Por una noche todos se pueden considerar solteros (con ciertos límites) y hay que vivir y reir, sobre todo reír. Que al que se casa ya le tocará llorar.
Pero él se lo ha buscado jajaja.
¡Un saludo!
Pues parda la liamos, sí señor…
JEJEJE, me ha encantado pasar por aquí. Me gusta como cuentas tus cosas, ¡muy divertido, sí señor! Te seguiré leyendo y te voy a votar en los premios del 20 minutos que aunque haya mucho blog registrado, al final que merezcan la pena hay tres. ¡Un saludo! Que vaya bien.

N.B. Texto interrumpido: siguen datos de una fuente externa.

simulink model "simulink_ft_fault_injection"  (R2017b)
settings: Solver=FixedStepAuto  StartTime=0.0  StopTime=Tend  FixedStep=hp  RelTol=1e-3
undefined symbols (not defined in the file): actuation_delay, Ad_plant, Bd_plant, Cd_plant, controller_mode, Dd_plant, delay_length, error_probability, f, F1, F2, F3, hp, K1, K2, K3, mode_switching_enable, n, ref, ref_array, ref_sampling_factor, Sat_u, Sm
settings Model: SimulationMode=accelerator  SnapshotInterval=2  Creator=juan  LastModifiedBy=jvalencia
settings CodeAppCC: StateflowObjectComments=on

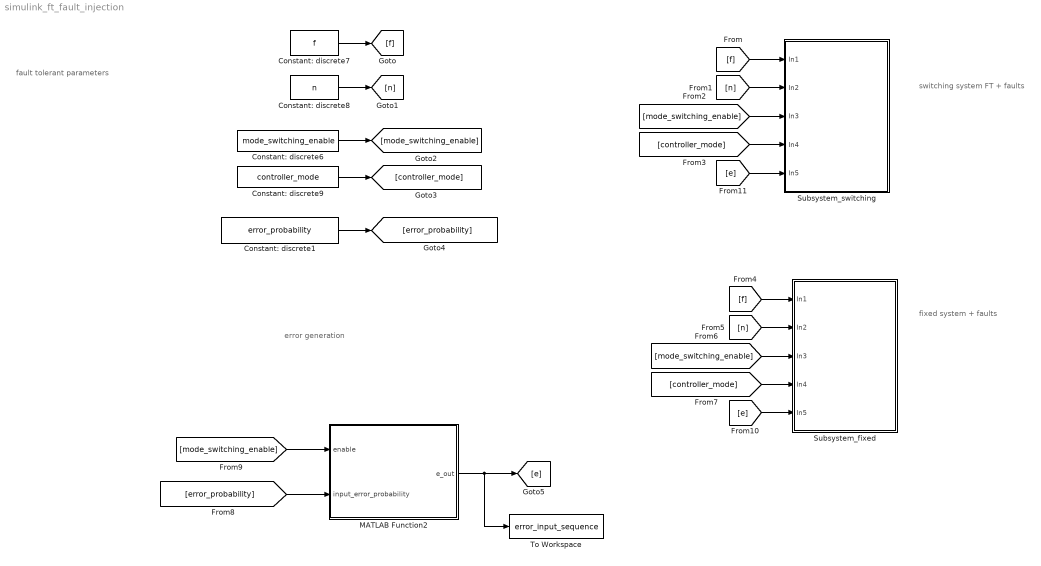
== system simulink_ft_fault_injection ==
  note: fault tolerant parameters
  note: fixed system + faults
  note: switching system FT + faults
  note: error generation
  Constant: discrete1 : Constant  Value=error_probability  SampleTime=Sm
  Constant: discrete6 : Constant  Value=mode_switching_enable  SampleTime=Sm
  Constant: discrete7 : Constant  Value=f  OutDataTypeStr=single  SampleTime=Sm
  Constant: discrete8 : Constant  Value=n  OutDataTypeStr=single  SampleTime=Sm
  Constant: discrete9 : Constant  Value=controller_mode  SampleTime=Sm
  MATLAB Function2 : MATLAB Function  TreatAsAtomicUnit=on  SystemSampleTime=Sm
  Subsystem_fixed : Subsystem
  Subsystem_switching : Subsystem
  To Workspace : ToWorkspace  VariableName=error_input_sequence  SaveFormat=Timeseries  SampleTime=Sm
  wires:
  Constant: discrete7/1 -> [f]
  Constant: discrete8/1 -> [n]
  Constant: discrete6/1 -> [mode_switching_enable]
  Constant: discrete9/1 -> [controller_mode]
  [f] -> Subsystem_switching/1(In1)
  [n] -> Subsystem_switching/2(In2)
  [mode_switching_enable] -> Subsystem_switching/3(In3)
  [controller_mode] -> Subsystem_switching/4(In4)
  Constant: discrete1/1 -> [error_probability]
  [mode_switching_enable] -> MATLAB Function2/1(enable)
  [error_probability] -> MATLAB Function2/2(input_error_probability)
  [f] -> Subsystem_fixed/1(In1)
  [n] -> Subsystem_fixed/2(In2)
  [mode_switching_enable] -> Subsystem_fixed/3(In3)
  [controller_mode] -> Subsystem_fixed/4(In4)
  MATLAB Function2/1(e_out) -> To Workspace/1, [e]
  [e] -> Subsystem_fixed/5(In5)
  [e] -> Subsystem_switching/5(In5)

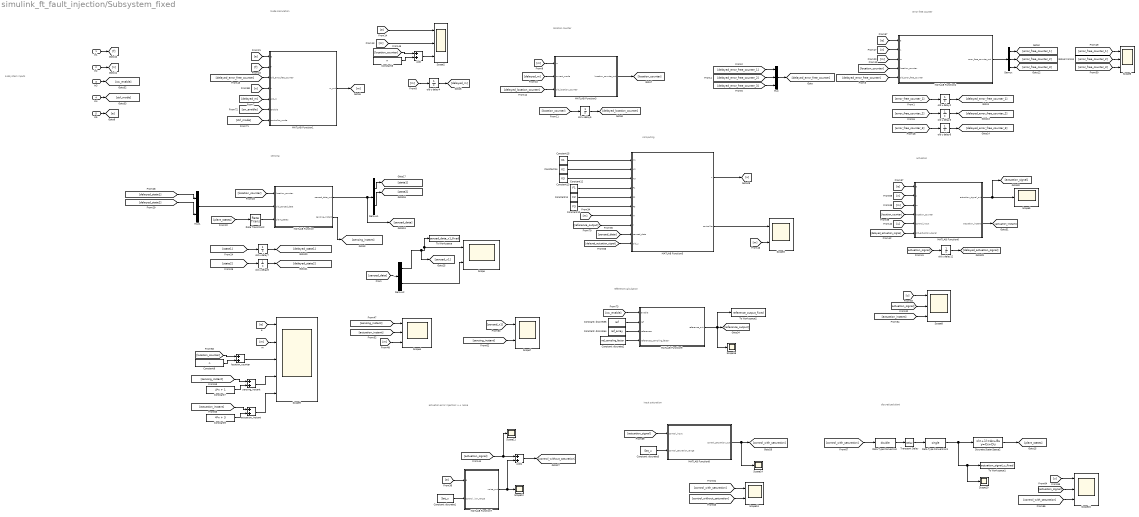
== system simulink_ft_fault_injection/Subsystem_fixed ==
  note: mode calculation
  note: location
      | counter
  note: error free counter
  note: sensing
  note: computing
  note: actuation
  note: actuation error injection: u + noise
  note: discretized plant
  note: input saturation
  note: reference calculation
  note: subsystem inputs
  In1 : Inport
  In2 : Inport  Port=2
  In3 : Inport  Port=3
  In4 : Inport  Port=4
  In5 : Inport  Port=5
  Add : Sum
  Add1 : Sum
  Constant10 : Constant  Value=F3  OutDataTypeStr=single  SampleTime=Sm
  Constant11 : Constant  Value=F2  OutDataTypeStr=single  SampleTime=Sm
  Constant12 : Constant  Value=F1  OutDataTypeStr=single  SampleTime=Sm
  Constant13 : Constant  Value=K3  OutDataTypeStr=single  SampleTime=Sm
  Constant14 : Constant  Value=K2  OutDataTypeStr=single  SampleTime=Sm
  Constant15 : Constant  Value=K1  OutDataTypeStr=single  SampleTime=Sm
  Constant6 : Constant  Value=n  SampleTime=Sm
  Constant7 : Constant  Value=4*n + 1  SampleTime=Sm
  Constant8 : Constant  Value=n  SampleTime=Sm
  Constant9 : Constant  Value=4*n + 3  SampleTime=Sm
  Constant: discrete1 : Constant  Value=Sat_u  OutDataTypeStr=single  SampleTime=Sm
  Constant: discrete2 : Constant  Value=ref_sampling_factor  OutDataTypeStr=single  SampleTime=Sm
  Constant: discrete3 : Constant  Value=Sat_u  OutDataTypeStr=single  SampleTime=Sm
  Constant: discrete4 : Constant  Value=ref_array  OutDataTypeStr=single  SampleTime=Sm
  Constant: discrete5 : Constant  Value=ref  OutDataTypeStr=single  SampleTime=Sm
  Data Type Conversion : DataTypeConversion  OutDataTypeStr=double
  Data Type Conversion1 : DataTypeConversion  OutDataTypeStr=single
  Demux : Demux  Outputs=3
  Demux1 : Demux  Outputs=2
  Demux2 : Demux  Outputs=2
  Discrete State-Space2 : DiscreteStateSpace  A=Ad_plant  B=Bd_plant  C=Cd_plant  D=Dd_plant  SampleTime=hp
  MATLAB Function : MATLAB Function  TreatAsAtomicUnit=on
  MATLAB Function1 : MATLAB Function  TreatAsAtomicUnit=on
  MATLAB Function3 : MATLAB Function  TreatAsAtomicUnit=on  SystemSampleTime=Sm
  MATLAB Function4 : MATLAB Function  TreatAsAtomicUnit=on  SystemSampleTime=Sm
  MATLAB Function5 : MATLAB Function  TreatAsAtomicUnit=on
  MATLAB Function6 : MATLAB Function  TreatAsAtomicUnit=on
  MATLAB Function7 : MATLAB Function  TreatAsAtomicUnit=on
  MATLAB Function8 : MATLAB Function  TreatAsAtomicUnit=on
  MATLAB Function9 : MATLAB Function  TreatAsAtomicUnit=on
  Mux : Mux  Inputs=3
  Mux1 : Mux  Inputs=2
  Rate Transition2 : RateTransition  OutPortSampleTime=Sm
  Scope{,3,7,13} (4 alike) : Scope  NumInputPorts=2
  Scope{5,10..12,14,16} (6 alike) : Scope
  Scope{2,4,6,8,15} (5 alike) : Scope  NumInputPorts=3
  Scope9 : Scope  NumInputPorts=5
  To Workspace : ToWorkspace  VariableName=sensed_data_x1_fixed  SaveFormat=Timeseries  SampleTime=Sm
  To Workspace1 : ToWorkspace  VariableName=actuation_signal_u_fixed  SaveFormat=Timeseries  SampleTime=Sm
  To Workspace2 : ToWorkspace  VariableName=reference_output_fixed  SaveFormat=Timeseries  SampleTime=Sm
  Transport Delay : TransportDelay  DelayTime=actuation_delay
  actuation_instant : Sum
  location_counter : Sum
  old u delay{2..8,12} (8 alike) : UnitDelay  SampleTime=Sm
  sensing_instant : Sum
  wires:
  [state2] -> old u delay8/1
  Constant14/1 -> MATLAB Function5/2(K2)
  Constant15/1 -> MATLAB Function5/1(K1)
  [reference_output] -> MATLAB Function5/8(r)
  [actuation_signal] -> Scope8/2
  [u] -> Scope8/1
  [e] -> MATLAB Function4/1(e)
  location_counter/1 -> Scope9/3
  [m] -> MATLAB Function5/7(m)
  Constant10/1 -> MATLAB Function5/6(F3)
  Constant11/1 -> MATLAB Function5/5(F2)
  Constant12/1 -> MATLAB Function5/4(F1)
  [actuation_instant] -> Scope8/3
  Demux2/1 -> [sensed_x1], To Workspace/1, Scope/1
  [e] -> MATLAB Function6/1(e)
  actuation_instant/1 -> Scope9/5
  [delayed_actuation_signal] -> MATLAB Function5/10(old_u)
  [sensed_data] -> MATLAB Function5/9(sensed_data)
  Constant13/1 -> MATLAB Function5/3(K3)
  [n] -> MATLAB Function6/2(n)
  [sensed_x1] -> Scope7/1
  Transport Delay/1 -> Data Type Conversion1/1
  [actuation_signal] -> Add1/1, Scope11/1
  MATLAB Function6/1(actuation_signal_out) -> [actuation_signal], Scope5/1
  [sensing_instant] -> Scope7/2
  Constant: discrete1/1 -> MATLAB Function7/2(control_saturation_range)
  Add1/1 -> [control_without_saturation]
  Constant: discrete3/1 -> MATLAB Function8/2(control_saturation_range)
  Data Type Conversion/1 -> Transport Delay/1
  [control_with_saturation] -> Scope13/1
  [e] -> Scope9/1
  [control_without_saturation] -> Scope13/2
  MATLAB Function8/1(control_saturation_out) -> Scope14/1, [control_with_saturation]
  [actuation_signal] -> Scope15/2
  [u] -> Scope15/1
  [control_with_saturation] -> Scope15/3
  [actuation_signal] -> MATLAB Function8/1(control_input)
  [control_with_saturation] -> Data Type Conversion/1
  [sw_enable] -> MATLAB Function1/6(enable)
  Constant: discrete4/1 -> MATLAB Function9/3(references)
  Constant: discrete5/1 -> MATLAB Function9/2(ref)
  [sw_enable] -> MATLAB Function9/1(enable)
  Constant: discrete2/1 -> MATLAB Function9/4(references_sampling_factor)
  MATLAB Function9/1(reference_out) -> To Workspace2/1, Scope16/1, [reference_output]
  Data Type Conversion1/1 -> Discrete State-Space2/1, Scope10/1, To Workspace1/1
  MATLAB Function7/1(noise_out) -> Scope12/1, Add1/2
  [e] -> MATLAB Function7/1(e)
  old u delay8/1 -> [delayed_state2]
  [state1] -> old u delay7/1
  [location_counter] -> MATLAB Function6/4(location_counter)
  Demux2/2 -> Scope/2
  [e] -> MATLAB Function1/1(e)
  [delayed_error_free_counter] -> MATLAB Function4/5(old_error_free_counter)
  [delayed_error_free_counter] -> MATLAB Function1/3(old_error_free_counter)
  Mux/1 -> [delayed_error_free_counter]
  MATLAB Function5/1(u) -> [u]
  [error_free_counter_3] -> Scope6/3
  Constant7/1 -> sensing_instant/2
  MATLAB Function5/2(controller) -> Scope3/1
  [actuation_instant] -> actuation_instant/1
  [location_counter] -> location_counter/1
  Constant9/1 -> actuation_instant/2
  [sensing_instant] -> sensing_instant/1
  [actuation_instant] -> Scope4/2
  [m] -> Scope4/3
  MATLAB Function6/2(actuation_instant) -> [actuation_instant]
  Constant8/1 -> location_counter/2
  [sensing_instant] -> Scope4/1
  [m] -> Scope9/2
  MATLAB Function/2(sensing_instant) -> [sensing_instant]
  [m] -> Scope3/2
  [error_free_counter_2] -> Scope6/2
  [error_free_counter_1] -> Scope6/1
  Add/1 -> Scope2/3
  Constant6/1 -> Add/2
  [location_counter] -> Add/1
  [delayed_state2] -> Mux1/2
  [actuation_signal] -> old u delay12/1
  [delayed_state1] -> Mux1/1
  old u delay12/1 -> [delayed_actuation_signal]
  [delayed_actuation_signal] -> MATLAB Function6/6(old_actuation_signal)
  [sensed_data] -> Demux2/1
  sensing_instant/1 -> Scope9/4
  Mux1/1 -> MATLAB Function/2(old_sensed_data)
  old u delay7/1 -> [delayed_state1]
  Rate Transition2/1 -> MATLAB Function/3(plant_states)
  [m] -> MATLAB Function6/3(m)
  [u] -> MATLAB Function6/5(control_input)
  old u delay2/1 -> [delayed_error_free_counter_1]
  [location_counter] -> old u delay5/1
  [plant_states] -> Rate Transition2/1
  [delayed_error_free_counter_3] -> Mux/3
  [m] -> MATLAB Function3/1(m)
  [n] -> MATLAB Function4/2(n)
  Demux/3 -> [error_free_counter_3]
  old u delay4/1 -> [delayed_m]
  [error_free_counter_1] -> old u delay2/1
  MATLAB Function1/1(m_out) -> [m]
  old u delay3/1 -> [delayed_error_free_counter_2]
  old u delay6/1 -> [delayed_error_free_counter_3]
  MATLAB Function/1(sensed_data_out) -> [sensed_data], Demux1/1
  Demux1/2 -> [state2]
  [delayed_error_free_counter_1] -> Mux/1
  [m] -> MATLAB Function4/3(m)
  Discrete State-Space2/1 -> [plant_states]
  Demux/2 -> [error_free_counter_2]
  [delayed_error_free_counter_2] -> Mux/2
  [delayed_m] -> MATLAB Function3/2(current_mode)
  MATLAB Function3/1(location_counter_out) -> [location_counter]
  [delayed_location_counter] -> MATLAB Function3/3(old_location_counter)
  old u delay5/1 -> [delayed_location_counter]
  Demux/1 -> [error_free_counter_1]
  Demux1/1 -> [state1]
  [m] -> old u delay4/1
  [location_counter] -> MATLAB Function4/4(location_counter)
  [e] -> Scope2/1
  [m] -> Scope2/2
  [error_free_counter_2] -> old u delay3/1
  [delayed_m] -> MATLAB Function1/5(old_m)
  [error_free_counter_3] -> old u delay6/1
  MATLAB Function4/1(error_free_counter_out) -> Demux/1
  [location_counter] -> MATLAB Function/1(location_counter)
  [ctrl_mode] -> MATLAB Function1/7(controller_mode)
  [f] -> MATLAB Function1/2(f)
  [n] -> MATLAB Function1/4(n)
  In1/1 -> [f]
  In2/1 -> [n]
  In3/1 -> [sw_enable]
  In4/1 -> [ctrl_mode]
  In5/1 -> [e]

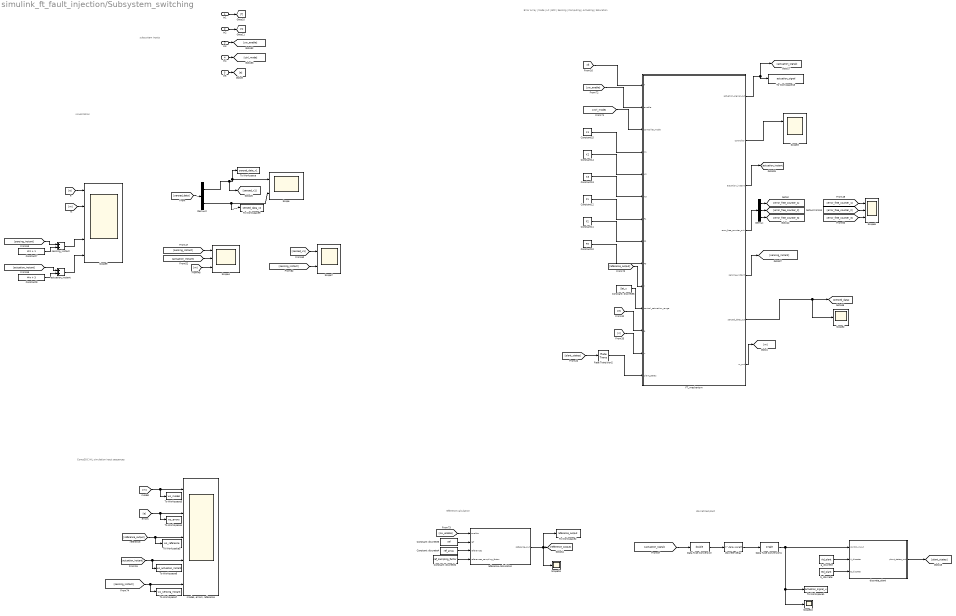
== system simulink_ft_fault_injection/Subsystem_switching ==
  note: Error Array | Mode | LC | EFC |
      | Sensing | Computing | Actuating | Saturation
  note: discretized plant
  note: reference calculation
  note: subsystem inputs
  note: CompSOC HIL simulation input sequences
  note: visualization
  In1 : Inport
  In2 : Inport  Port=2
  In3 : Inport  Port=3
  In4 : Inport  Port=4
  In5 : Inport  Port=5
  Constant10 : Constant  Value=F3  OutDataTypeStr=single  SampleTime=Sm
  Constant11 : Constant  Value=F2  OutDataTypeStr=single  SampleTime=Sm
  Constant12 : Constant  Value=F1  OutDataTypeStr=single  SampleTime=Sm
  Constant13 : Constant  Value=K3  OutDataTypeStr=single  SampleTime=Sm
  Constant14 : Constant  Value=K2  OutDataTypeStr=single  SampleTime=Sm
  Constant15 : Constant  Value=K1  OutDataTypeStr=single  SampleTime=Sm
  Constant7 : Constant  Value=4*n + 1  SampleTime=Sm
  Constant9 : Constant  Value=4*n + 3  SampleTime=Sm
  Constant: discrete2 : Constant  Value=ref_sampling_factor  OutDataTypeStr=single  SampleTime=Sm
  Constant: discrete4 : Constant  Value=ref_array  OutDataTypeStr=single  SampleTime=Sm
  Constant: discrete5 : Constant  Value=ref  OutDataTypeStr=single  SampleTime=Sm
  Constant: discrete6 : Constant  Value=Sat_u  OutDataTypeStr=single  SampleTime=Sm
  Data Type Conversion : DataTypeConversion  OutDataTypeStr=double
  Data Type Conversion1 : DataTypeConversion  OutDataTypeStr=single
  Demux : Demux  Outputs=3
  Demux2 : Demux  Outputs=2
  FT_mechanism : MATLAB Function  TreatAsAtomicUnit=on
  Rate Transition2 : RateTransition  OutPortSampleTime=Sm
  Scope : Scope  NumInputPorts=2
  Scope10 : Scope
  Scope16 : Scope
  Scope2 : Scope
  Scope3 : Scope  NumInputPorts=2
  Scope4 : Scope  NumInputPorts=3
  Scope6 : Scope  NumInputPorts=3
  Scope7 : Scope  NumInputPorts=2
  Scope9 : Scope  NumInputPorts=5
  To Workspace : ToWorkspace  VariableName=sensed_data_x1  SaveFormat=Timeseries  SampleTime=Sm
  To Workspace1 : ToWorkspace  VariableName=actuation_signal_u  SaveFormat=Timeseries  SampleTime=Sm
  To Workspace13 : ToWorkspace  VariableName=actuation_signal  SaveFormat=Timeseries  SampleTime=Sm
  To Workspace2 : ToWorkspace  VariableName=reference_output  SaveFormat=Timeseries  SampleTime=Sm
  To Workspace3 : ToWorkspace  VariableName=ws_modes  SaveFormat=Timeseries  SampleTime=Sm
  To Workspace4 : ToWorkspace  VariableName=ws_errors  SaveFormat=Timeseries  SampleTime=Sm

Gracias eme… intento contar las cosas lo más divertidas que puedo… porque para llorar siempre hay tiempo, ¿no?
¡Pues sí! Y si se tiene que llorar, mejor que sea de alegría
De todas maneras, hay que tener “algo” para contar las cosas como tú las cuentas y sobre todo, saber ver la cara graciosa de esta vida.
¡Enhorabuena!
Dice mi madre que mi “algo” es “una cara muy dura”… pero yo creo que eso es amor de madre.